This Week: Kamala Harris
Election Day is in less than 100 days, and suddenly, it’s a whole new presidential race. Democratic party officials and voters coalesced around the candidacy of Vice President Kamala Harris in a staggeringly swift show of support after President Joe Biden dropped out of the race and endorsed her.
The elevation of Harris as the likely Democratic presidential nominee presents an opportunity to look at her climate record and what a Harris presidency might mean for US climate policy. The Biden-Harris administration has made progress towards its goal of cutting US emissions in half by 2030, but it’s not happening fast enough — and there is still much work to be done. The Inflation Reduction Act, passed in 2022, is the largest investment in clean energy in US history, but the Biden-Harris administration had hoped to do even more. What can Harris’s record tell us about her likely climate priorities were she to win the presidency?
Reporting Ideas
- Explore Harris’s climate record through a local lens. Harris began focusing on environmental issues in 2005 when she established an environmental justice unit while serving as San Francisco’s district attorney. As a US senator, she sponsored the Green New Deal and introduced a comprehensive environmental justice bill. Talk with local environmental justice advocates about how Justice40, an initiative Harris worked on, impacts their work. What White House–led initiatives would help them further their work?

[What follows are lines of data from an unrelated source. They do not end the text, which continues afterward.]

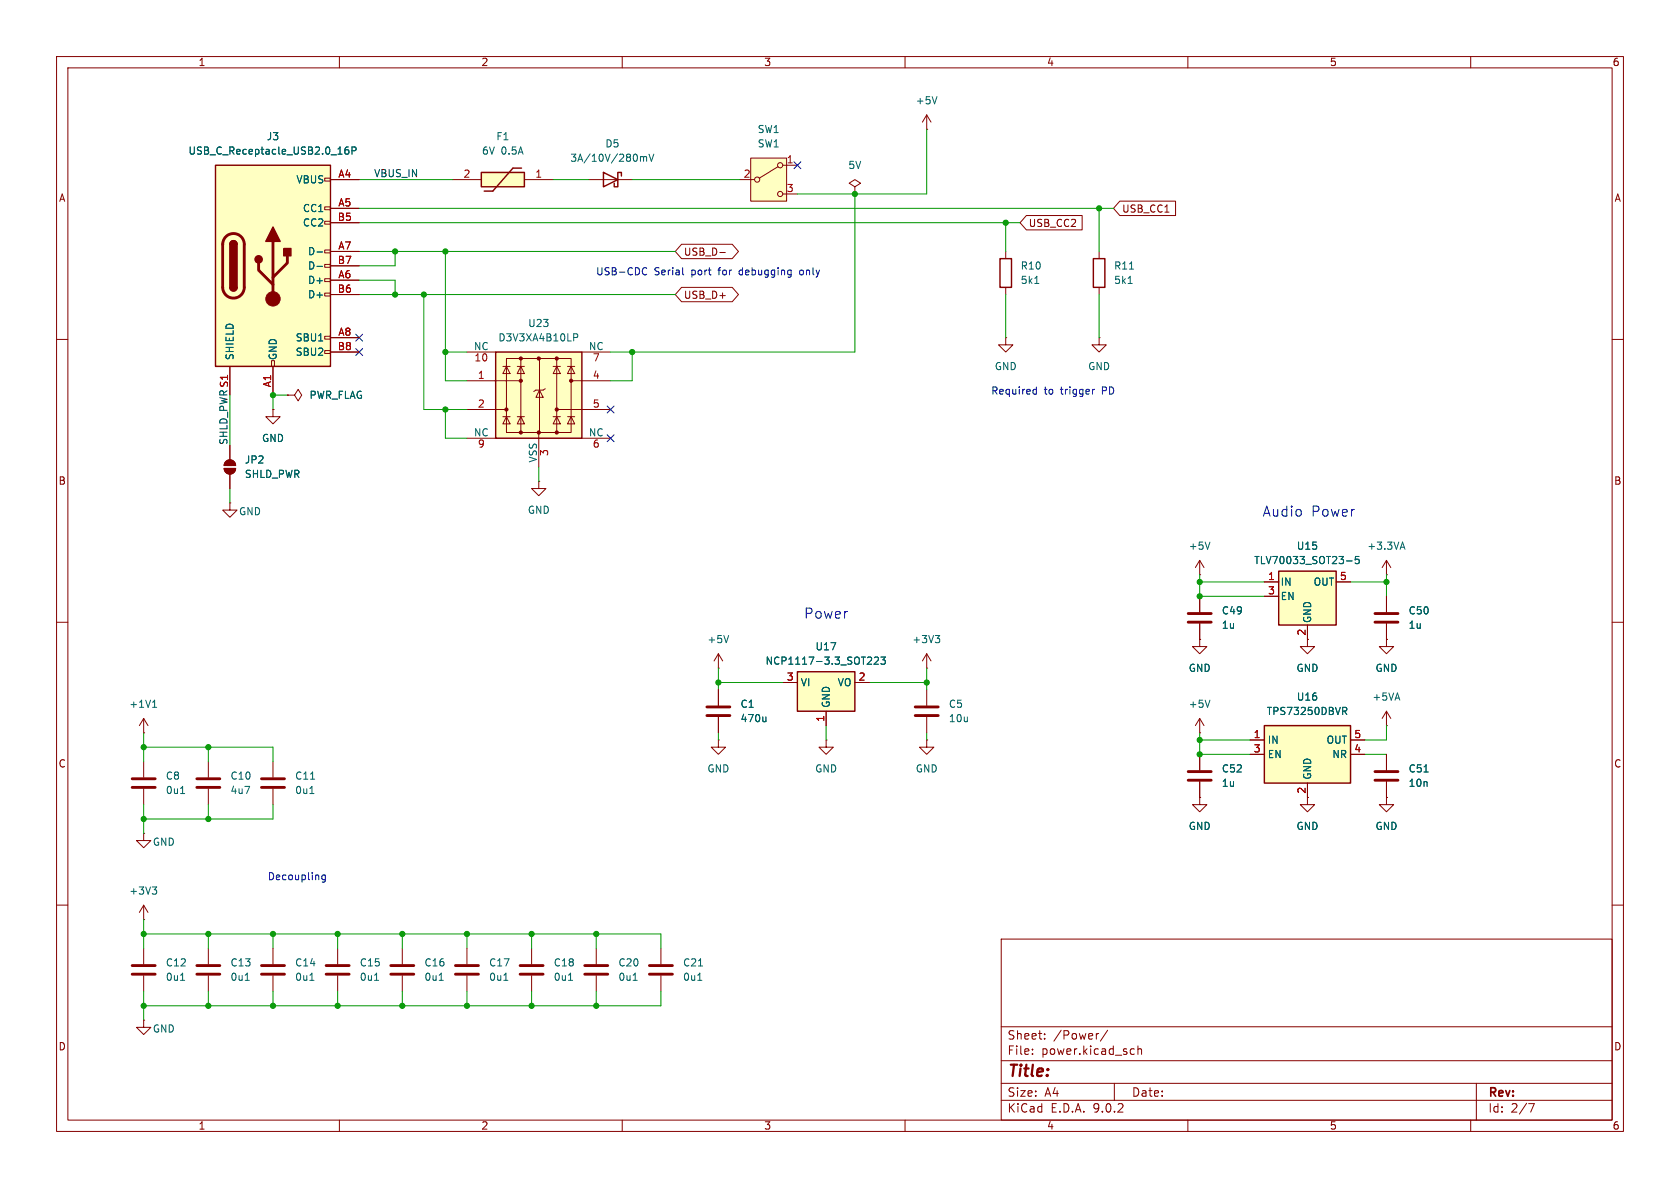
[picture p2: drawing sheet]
<svg xmlns="http://www.w3.org/2000/svg" width="297mm" height="210mm" viewBox="0 0 297 210" stroke-linecap="round" stroke-linejoin="round" font-family="sans-serif">
<g fill="none" stroke="#840000" stroke-width=".18">
<path d="M10 10h277v190h-277zM12 12h273v186h-273zM60 10v2M110 10v2M160 10v2M210 10v2M260 10v2M10 60h2M285 60h2M10 110h2M285 110h2M10 160h2"/>
<path d="M177 166h108v32h-108zM285 160h2M60 198v2M110 198v2M160 198v2M177 194.5h108M177 191.5h108M177 187.5h108M177 181.5h108M182.5 186.3v.1M182.5 185.5v.1M184.7 183.6v.1"/>
<path d="M184.7 182.8v.1M194.2 182.7l-.2 .1M195.8 182.1l-1.3 2M197 191.5v3M200.1 185.4l.4 .1M200.5 186.3l-.4 .1M201.2 185.5l.2-.1 .3 .1 .1 .9M201.2 184.9v1.5M210 198v2M260 198v2M261 191.5v6.5M270.2 195.1h1l-.6 1.5"/>
</g>
<path d="M132.7 27.9h6.4v7.7h-6.4z" fill="#ffffc2"/>
<g fill="none" stroke="#840000" stroke-width=".18">
<path d="M130.8 31.8h2.5M132.7 27.9h6.4v7.7h-6.4zM137.5 29.5l-3.3 2M138.4 29.2h2.6M138.4 34.3h2.6M177.8 59.7v1.3h1.3l-1.3 1.2-1.3-1.2h1.3M177.8 59.7h.1M177.8 44.5v1.2M177.8 50.8v1.3M194.3 59.7v1.3h1.3l-1.3 1.2-1.3-1.2h1.3M194.3 59.7h.1M59.7 167.6v2.8"/>
<path d="M59.7 172.5v2.8"/>
<circle cx="133.9" cy="31.8" r=".46"/>
<circle cx="137.9" cy="34.3" r=".46"/>
<circle cx="137.9" cy="29.2" r=".46"/>
</g>
<path d="M57.7 170.7h4M57.7 172.2h4" fill="none" stroke="#840000" stroke-width=".51"/>
<path d="M182.9 50.1h.8M66.2 173.3h.7" fill="none" stroke="#006464" stroke-width=".18"/>
<path d="M176.8 45.7h2v5.1h-2z" fill="none" stroke="#840000" stroke-width=".25"/>
<path d="M223.5 128.3h15.3v10.1h-15.3z" fill="#ffffc2"/>
<path d="M106.7 30.5l2.5 1.3-2.5 1.2zM109.9 31.1v-.6h-.7v2.5h-.6v-.6M193.3 45.7h2v5.1h-2zM223.5 128.3h15.3v10.1h-15.3z" fill="none" stroke="#840000" stroke-width=".25"/>
<path d="M104.1 31.8h7.7M194.3 44.5v1.2M194.3 50.8v1.3M221 130.8h2.5M221 133.4h2.5M231.1 138.4v2.6M238.8 130.8h2.5M238.8 133.4h2.5M245.1 128.3h.1M245.1 125.7l-.8 1.3M245.1 125.7l.8 1.3M245.1 125.7v2.6" fill="none" stroke="#840000" stroke-width=".18"/>
<path d="M113.2 27.7v.8M113.2 27.8l.4-.1 .2 .2M113.8 27.9l.2-.2h.3v.8M113.8 27.9v.6M114.7 27.2l.5 1.3 .4-1.3M199.4 50.1h.8M199.7 47.6h.7M237.4 125h.5l.2 .3-.1 .3-.6 .1M237.7 125.7l.4 .6" fill="none" stroke="#006464" stroke-width=".18"/>
<path d="M85.1 30.5h7.6v2.5h-7.6z" fill="#ffffc2"/>
<path d="M85.1 30.5h7.6v2.5h-7.6zM92.2 29.7h-1.5l-3.6 4.1h-1.5" fill="none" stroke="#840000" stroke-width=".25"/>
<path d="M80 31.8h5.1M92.7 31.8h5.1M163.8 22.9h.1M163.8 20.3l-.7 1.3M163.8 20.3l.8 1.3M163.8 20.3v2.6M245.1 133.4v2.7M245.1 138.2v2.8M25.4 147.3v1.3h1.3l-1.3 1.3-1.3-1.3h1.3M25.4 147.3h.1M245.1 141v1.2h1.3l-1.3 1.3-1.3-1.3h1.3M245.1 141h.1" fill="none" stroke="#840000" stroke-width=".18"/>
<path d="M243.1 136.4h4M243.1 137.9h4" fill="none" stroke="#840000" stroke-width=".51"/>
<path d="M165.6 17.1l-.4 1.3M251.8 136.5h.7" fill="none" stroke="#006464" stroke-width=".18"/>
<path d="M226.1 101h10.1v9.5h-10.1z" fill="#ffffc2"/>
<path d="M226.1 101h10.1v9.5h-10.1z" fill="none" stroke="#840000" stroke-width=".25"/>
<g fill="none" stroke="#840000" stroke-width=".18">
<path d="M151.1 33l1-.6-1-.6-1 .6 1 .6v1.3M151.1 34.3h.1M212.1 113v1.3h1.3l-1.3 1.3-1.3-1.3h1.3M212.1 113h.1M223.5 102.9h2.6M223.5 105.4h2.6M231.1 110.5v3.8h1.3l-1.3 1.3-1.2-1.3h1.2M236.2 102.9h2.6M25.4 134.6v2.8M25.4 139.4v2.8M36.8 134.6v2.8M36.8 139.4v2.8"/>
<path d="M48.3 134.6v2.8M48.3 139.4v2.8M231.1 141v1.2h1.3l-1.3 1.3-1.2-1.3h1.2M25.4 180.3v1.3h1.3l-1.3 1.3-1.3-1.3h1.3M25.4 180.3h.1"/>
</g>
<path d="M238.1 99.2h.9M240.2 98.4h-.6v.6l.2-.1h.4l.1 .2-.1 .4-.1 .1-.5-.1M54.9 137.7h.7M31.9 140.3h.7M54.8 140.3h.7" fill="none" stroke="#006464" stroke-width=".18"/>
<path d="M23.4 137.7h4M23.4 139.2h4M34.8 137.7h4.1M34.8 139.2h4.1M46.2 137.7h4.1M46.2 139.2h4.1" fill="none" stroke="#840000" stroke-width=".51"/>
<path d="M38.1 29.2h20.3v35.6h-20.3z" fill="#ffffc2"/>
<g fill="none" stroke="#840000" stroke-width=".18">
<path d="M57.4 31.5h1v.5h-1zM57.4 36.6h1v.5h-1zM57.4 39.1h1v.5h-1zM58.4 31.8h5.1M58.4 36.8h5.1M58.4 39.4h5.1M57.4 44.2h1v.5h-1zM57.4 46.7h1v.5h-1zM57.4 49.3h1v.5h-1zM57.4 51.8h1v.5h-1zM57.4 59.4h1v.5h-1zM58.4 44.5h5.1"/>
<path d="M58.4 47h5.1M58.4 49.5h5.1M58.4 52.1h5.1M58.4 59.7h5.1M40.6 64.8v5.1M40.6 78.7v2.6M48 63.8h.5v1h-.5zM48.3 72.4v1.3h1.2l-1.2 1.2-1.3-1.2h1.3M48.3 72.4h.1M48.3 64.8v5.1M50.8 69.9h1.3l.6-1.1 .6 1.1-.6 1-.6-1M50.8 69.9h.1"/>
<path d="M57.4 62h1v.5h-1zM58.4 62.2h5.1M39.6 82.8h2.1a1.02 1.02 0 0 1-1.1 1 1.02 1.02 0 0 1-1-1zM39.9 81.6a1.02 1.02 0 0 1 1.1-.2 1.02 1.02 0 0 1 .7 .9h-2.1zM40.6 88.9v1.3h1.3l-1.3 1.2-1.2-1.2h1.2M40.6 88.9h.1M40.6 83.8v2.6M212.1 99.1v2.5M212.1 99.1l-.8 1.2M212.1 99.1l.8 1.2M127 118.1h.1M127 115.6l-.8 1.2"/>
<path d="M127 115.6l.8 1.2M127 115.6v2.5M212.1 101.6h.1M212.1 105.4v2.8M212.1 110.2v2.8M25.4 129.5h.1M25.4 127v2.5M25.4 127l-.8 1.3M25.4 127l.8 1.3M127 130.8v1.3h1.3l-1.3 1.3-1.3-1.3h1.3M127 130.8h.1M127 121.9v2.8"/>
<path d="M127 126.7v2.8M146 130.8v1.3h1.3l-1.3 1.3-1.2-1.3h1.2M146 130.8h.1M163.8 130.8v1.3h1.3l-1.3 1.3-1.2-1.3h1.2M163.8 130.8h.1M163.8 121.9v2.8M163.8 126.7v2.8M212.1 129.5h.1M212.1 127l-.8 1.3M212.1 127l.8 1.3M212.1 127v2.5M212.1 133.4v2.7"/>
<path d="M212.1 138.2v2.8M212.1 141v1.2h1.3l-1.3 1.3-1.3-1.3h1.3M212.1 141h.1M25.4 162.6h.1M25.4 160v2.6M25.4 167.6v2.8M25.4 172.5v2.8M25.4 160l-.8 1.3M25.4 160l.8 1.3M36.8 167.6v2.8M36.8 172.5v2.8M48.3 167.6v2.8"/>
<path d="M48.3 172.5v2.8M71.1 167.6v2.8M71.1 172.5v2.8M82.5 167.6v2.8M82.5 172.5v2.8M105.4 167.6v2.8M105.4 172.5v2.8M116.8 167.6v2.8M116.8 172.5v2.8"/>
</g>
<path d="M38.1 29.2h20.3v35.6h-20.3zM40.6 43.2a.64 .64 0 0 1 .7-.7 .64 .64 0 0 1 .6 .7M40.6 50.8a.64 .64 0 0 0 .7 .6 .64 .64 0 0 0 .6-.6" fill="none" stroke="#840000" stroke-width=".25"/>
<g fill="none" stroke="#840000" stroke-width=".51">
<path d="M39.9 41.8a1.9 1.9 0 0 1 2.1-.4 1.9 1.9 0 0 1 1.2 1.8v7.6a1.91 1.91 0 0 1-1.9 1.9 1.91 1.91 0 0 1-1.9-1.9v-7.8l.1-.6zM45.7 46.5v1.3l2.6 2.5M48.3 42.7v10.1M50.8 45.2v1.3l-2.5 2.5M210.1 108.5h4M210.1 110h4M125 125h4M125 126.5h4M161.8 125h4.1M161.8 126.5h4.1M210.1 136.4h4M210.1 137.9h4"/>
<path d="M23.4 170.7h4M23.4 172.2h4M34.8 170.7h4.1M34.8 172.2h4.1M46.2 170.7h4.1M46.2 172.2h4.1M69.1 170.7h4.1M69.1 172.2h4.1M80.5 170.7h4.1M80.5 172.2h4.1M103.4 170.7h4M103.4 172.2h4"/>
<path d="M114.8 170.7h4.1M114.8 172.2h4.1"/>
</g>
<g fill="#840000" stroke="#840000" stroke-width=".25">
<path d="M40.6 43.2h1.3v7.6h-1.3z"/>
<path d="M40.8 42.7a.64 .64 0 0 1 .7-.1 .64 .64 0 0 1 .4 .6h-1.3z"/>
<path d="M40.6 50.8h1.3a.64 .64 0 0 1-.6 .6 .64 .64 0 0 1-.7-.6z"/>
<path d="M48.3 40.1l1.2 2.6h-2.5z"/>
<path d="M50.2 43.9h1.2v1.3h-1.2z"/>
<circle cx="45.7" cy="45.8" r=".63"/>
</g>
<g fill="#840000" stroke="#840000" stroke-width=".18">
<path d="M39.6 82.8h2.1a1.02 1.02 0 0 1-1.1 1 1.02 1.02 0 0 1-1-1z"/>
<path d="M39.9 81.6a1.02 1.02 0 0 1 1.1-.2 1.02 1.02 0 0 1 .7 .9h-2.1z"/>
<circle cx="48.3" cy="52.8" r="1.27"/>
</g>
<g fill="none" stroke="#006464" stroke-width=".18">
<path d="M61.6 26h-.4a.86 .86 0 0 0 0 1.2l.4-.1 .1-.4-.3-.2h-.3l-.1 .2M62.2 26.6h.6l.2-.2-.1-.3-.7-.1v1.2M56 44.5h1M56 47.1h1M213.9 95.8l-.4 1.3M128.8 112.3l-.4 1.3M27 125h.7M27.1 124.1l.2-.3v1.2M135.4 126.7v.9M135.4 127.5l-.2 .1M213.9 123.8l-.4 1.2M26.9 156.8h.8l-.4 .5"/>
<path d="M27.5 157.3l.2 .2v.3l-.2 .3M31.9 173.3h.7M43.4 173.3h.7M54.8 173.3h.7M77.6 173.3h.8M89.1 173.3h.7M111.9 173.3h.8M123.4 173.3h.7M123.5 170.8h.7"/>
</g>
<path d="M141 118.7h10.1v7h-10.1z" fill="#ffffc2"/>
<path d="M141 118.7h10.1v7h-10.1z" fill="none" stroke="#840000" stroke-width=".25"/>
<g fill="none" stroke="#840000" stroke-width=".18">
<path d="M95.2 85.1v1.3h1.3l-1.3 1.2-1.2-1.2h1.2M95.2 85.1h.1M245.1 99.1l-.8 1.2M245.1 99.1l.8 1.2M245.1 99.1v2.5M163.8 118.1h.1M163.8 115.6l-.7 1.2M163.8 115.6l.8 1.2M163.8 115.6v2.5M245.1 101.6h.1M138.4 120.7h2.6M146 125.7v2.6"/>
<path d="M151.1 120.7h2.6M94 167.6v2.8M94 172.5v2.8"/>
</g>
<path d="M247.6 96.7h.7M248 95.8l.4 1.3M153.3 117.4h.8M154 116.3v.4M154.6 116.3l.5-.2 .2 .4-.8 .9h.8M155.7 116.1h.8l-.4 .5 .4 .2v.5l-.2 .1-.6-.1M165.3 112.3h.8l-.4 .5M165.9 112.8l.2 .3v.3l-.2 .2M100.5 173.3h.7" fill="none" stroke="#006464" stroke-width=".18"/>
<path d="M91.9 170.7h4.1M91.9 172.2h4.1" fill="none" stroke="#840000" stroke-width=".51"/>
<path d="M87.6 62.2h15.3v15.3h-15.3z" fill="#ffffc2"/>
<g fill="none" stroke="#840000" stroke-width=".18">
<path d="M58.4 31.8h5.1M58.4 36.8h5.1M58.4 39.4h5.1M181.5 38.1h9.8v2.5h-9.8l-1.2-1.2zM198 35.6h9.8v2.5h-9.8l-1.2-1.3zM58.4 44.5h5.1M58.4 47h5.1M58.4 49.5h5.1M58.4 52.1h5.1M58.4 59.7h5.1M120.5 43.2h8.9l1.2 1.3-1.2 1.2h-8.9l-1.1-1.2zM120.5 50.8h8.9l1.2 1.3-1.2 1.2h-8.9l-1.1-1.2z"/>
<path d="M127.3 44.6h.9M40.6 64.8v5.1M40.6 78.7v2.6M48.3 72.4h.1M48.3 64.8v5.1M50.8 69.9h.1M58.4 62.2h5.1M82.5 67.3h9.6M82.5 72.4h7M82.5 62.2h5.1M82.5 77.5h5.1M88.9 64.8h1.3"/>
<path d="M88.9 73.7h1.3M89.5 63.4h11.5v13.1h-11.5zM89.5 64.8l.7 1.2h-1.3zM89.5 73.7l.7 1.2h-1.3zM91.4 64.8h1.3M91.4 73.7h1.3M92.1 64.8l.6 1.2h-1.3zM92.1 73.7l.6 1.2h-1.3zM92.1 63.4v13.1M95.2 76.5v6.1M95.4 69l.6 1.2h-1.3zM95.4 63.4v13.1"/>
<path d="M96.4 68.7l-.4 .3h-1.3l-.3 .2M97.8 64.8h1.3M97.8 73.7h1.3M98.4 64.8l.7 1.2h-1.3zM98.4 73.7l.7 1.2h-1.3zM98.4 63.4v13.1M98.4 72.4h9.5M100.3 64.8h1.3M100.3 73.7h1.3M101 64.8l.6 1.2h-1.3zM101 73.7l.6 1.2h-1.3zM101 67.3h6.9"/>
<path d="M102.9 62.2h5M102.9 77.5h5M40.6 83.8v2.6M212.1 113h.1M212.1 105.4v2.8M212.1 110.2v2.8M223.5 102.9h2.6M223.5 105.4h2.6M231.1 110.5v2.5M236.2 102.9h2.6M245.1 113v1.3h1.3l-1.3 1.3-1.3-1.3h1.3M245.1 113h.1"/>
<path d="M245.1 105.4v2.8M245.1 110.2v2.8M127 121.9v2.8M127 126.7v2.8M138.4 120.7h2.6M146 125.7v2.6M151.1 120.7h2.6M212.1 133.4v2.7M212.1 138.2v2.8M221 130.8h2.5M221 133.4h2.5M231.1 138.4v2.6"/>
<path d="M238.8 130.8h2.5M238.8 133.4h2.5M245.1 133.4v2.7M245.1 138.2v2.8M212.1 141h.1M245.1 141h.1"/>
</g>
<path d="M87.6 62.2h15.3v15.3h-15.3z" fill="none" stroke="#840000" stroke-width=".25"/>
<g fill="#840000" stroke="#840000" stroke-width=".18">
<circle cx="89.5" cy="72.4" r=".28"/>
<circle cx="92.1" cy="63.4" r=".28"/>
<circle cx="92.1" cy="67.3" r=".28"/>
<circle cx="92.1" cy="76.5" r=".28"/>
<circle cx="95.2" cy="63.4" r=".28"/>
<circle cx="95.2" cy="76.5" r=".28"/>
<circle cx="98.4" cy="63.4" r=".28"/>
<circle cx="98.4" cy="72.4" r=".28"/>
<circle cx="98.4" cy="76.5" r=".28"/>
<circle cx="101" cy="67.3" r=".28"/>
</g>
<g fill="none" stroke="#006464" stroke-width=".18">
<path d="M61.6 26h-.4a.86 .86 0 0 0 0 1.2l.4-.1 .1-.4-.3-.2h-.3l-.1 .2M62.2 26.6h.6l.2-.2-.1-.3-.7-.1v1.2M56 44.5h1M56 47.1h1M101.4 59h.5l.2 .2-.1 .4-.6 .1M238.1 99.2h.9M240.2 98.4h-.6v.6l.2-.1h.4l.1 .2-.1 .4-.1 .1-.5-.1M153.3 117.4h.8M154 116.3v.4M154.6 116.3l.5-.2 .2 .4-.8 .9h.8M155.7 116.1h.8l-.4 .5 .4 .2v.5l-.2 .1-.6-.1M135.4 126.7v.9"/>
<path d="M135.4 127.5l-.2 .1M237.4 125h.5l.2 .3-.1 .3-.6 .1M237.7 125.7l.4 .6M251.8 136.5h.7"/>
</g>
<path d="M243.1 108.5h4M243.1 110h4" fill="none" stroke="#840000" stroke-width=".51"/>
<g fill="none" stroke="#009600" stroke-width=".18">
<path d="M63.5 39.4h116.8M63.5 36.8h133.3M63.5 31.8h16.5M97.8 31.8h6.3M111.8 31.8h19M151.1 34.3v27.9h-43.2M163.8 22.9v11.4h-22.8M177.8 39.4v5.1M194.3 36.8v7.7M63.5 52.1h55.9M63.5 49.5h6.3v2.6M63.5 44.5h55.9"/>
<path d="M69.8 44.5v2.5h-6.3M74.9 52.1v20.3h7.6M78.7 44.5v22.8h3.8M177.8 52.1v7.6M194.3 52.1v7.6M40.6 69.9v8.8M50.8 69.9h-2.5v2.5M78.7 72.4v5.1h3.8M78.7 62.2h3.8M111.8 62.2v5.1h-3.9M40.6 86.4v2.5M95.2 82.6v2.5"/>
<path d="M127 118.1v3.8M163.8 118.1v3.8M212.1 101.6v3.8h11.4M212.1 102.9h11.4M238.8 102.9h6.3M245.1 101.6v3.8M25.4 132.1h22.9v2.5M25.4 129.5v5.1M36.8 132.1v2.5M127 120.7h11.4M127 129.5v1.3M146 128.3v2.5"/>
<path d="M153.7 120.7h10.1M163.8 129.5v1.3M212.1 130.8h8.9M212.1 129.5v3.9h8.9M241.3 133.4h3.8M245.1 128.3v2.5h-3.8M25.4 142.2v5.1M36.8 142.2v2.6M48.3 142.2v2.6h-22.9M25.4 165.1h91.4v2.5M25.4 162.6v5M25.4 175.3v5"/>
<path d="M36.8 165.1v2.5M36.8 175.3v2.5M48.3 165.1v2.5M48.3 175.3v2.5M59.7 165.1v2.5M59.7 175.3v2.5M71.1 165.1v2.5M71.1 175.3v2.5M82.5 165.1v2.5M82.5 175.3v2.5M94 165.1v2.5M94 175.3v2.5"/>
<path d="M105.4 165.1v2.5M105.4 175.3v2.5M116.8 175.3v2.5h-91.4"/>
</g>
<path d="M140.4 28.6l1.2 1.2M141.6 28.6l-1.2 1.2M62.9 59.1l1.2 1.2M64.1 59.1l-1.2 1.2M62.9 61.6l1.2 1.2M64.1 61.6l-1.2 1.2M107.3 76.9l1.3 1.2M107.3 71.8l1.3 1.2M108.6 76.9l-1.3 1.2M108.6 71.8l-1.3 1.2" fill="none" stroke="#000084" stroke-width=".18"/>
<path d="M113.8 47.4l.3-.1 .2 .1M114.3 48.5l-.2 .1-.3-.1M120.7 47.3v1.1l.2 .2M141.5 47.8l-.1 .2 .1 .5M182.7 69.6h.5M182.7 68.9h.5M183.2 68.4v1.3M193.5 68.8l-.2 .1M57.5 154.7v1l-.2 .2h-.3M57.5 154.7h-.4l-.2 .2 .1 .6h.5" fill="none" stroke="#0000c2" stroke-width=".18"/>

- Harris took on Big Oil as California’s attorney general. What could that mean for your media market if a Harris administration did the same? Harris sued several fossil fuel companies for environmental violations, including methane leaks and oil spills, winning multi-million dollar settlements; she investigated Exxon Mobil for misleading the public on climate change, although she didn’t file a suit.
- The Biden-Harris administration handed out 20% more oil and gas licenses than the Trump administration. Despite a stated commitment to reduce emissions, the US “is leading a stampede of fossil fuel expansion” in 2024, reports the Guardian. What is Harris’s position on new drilling? What new licenses are being greenlit in your coverage area?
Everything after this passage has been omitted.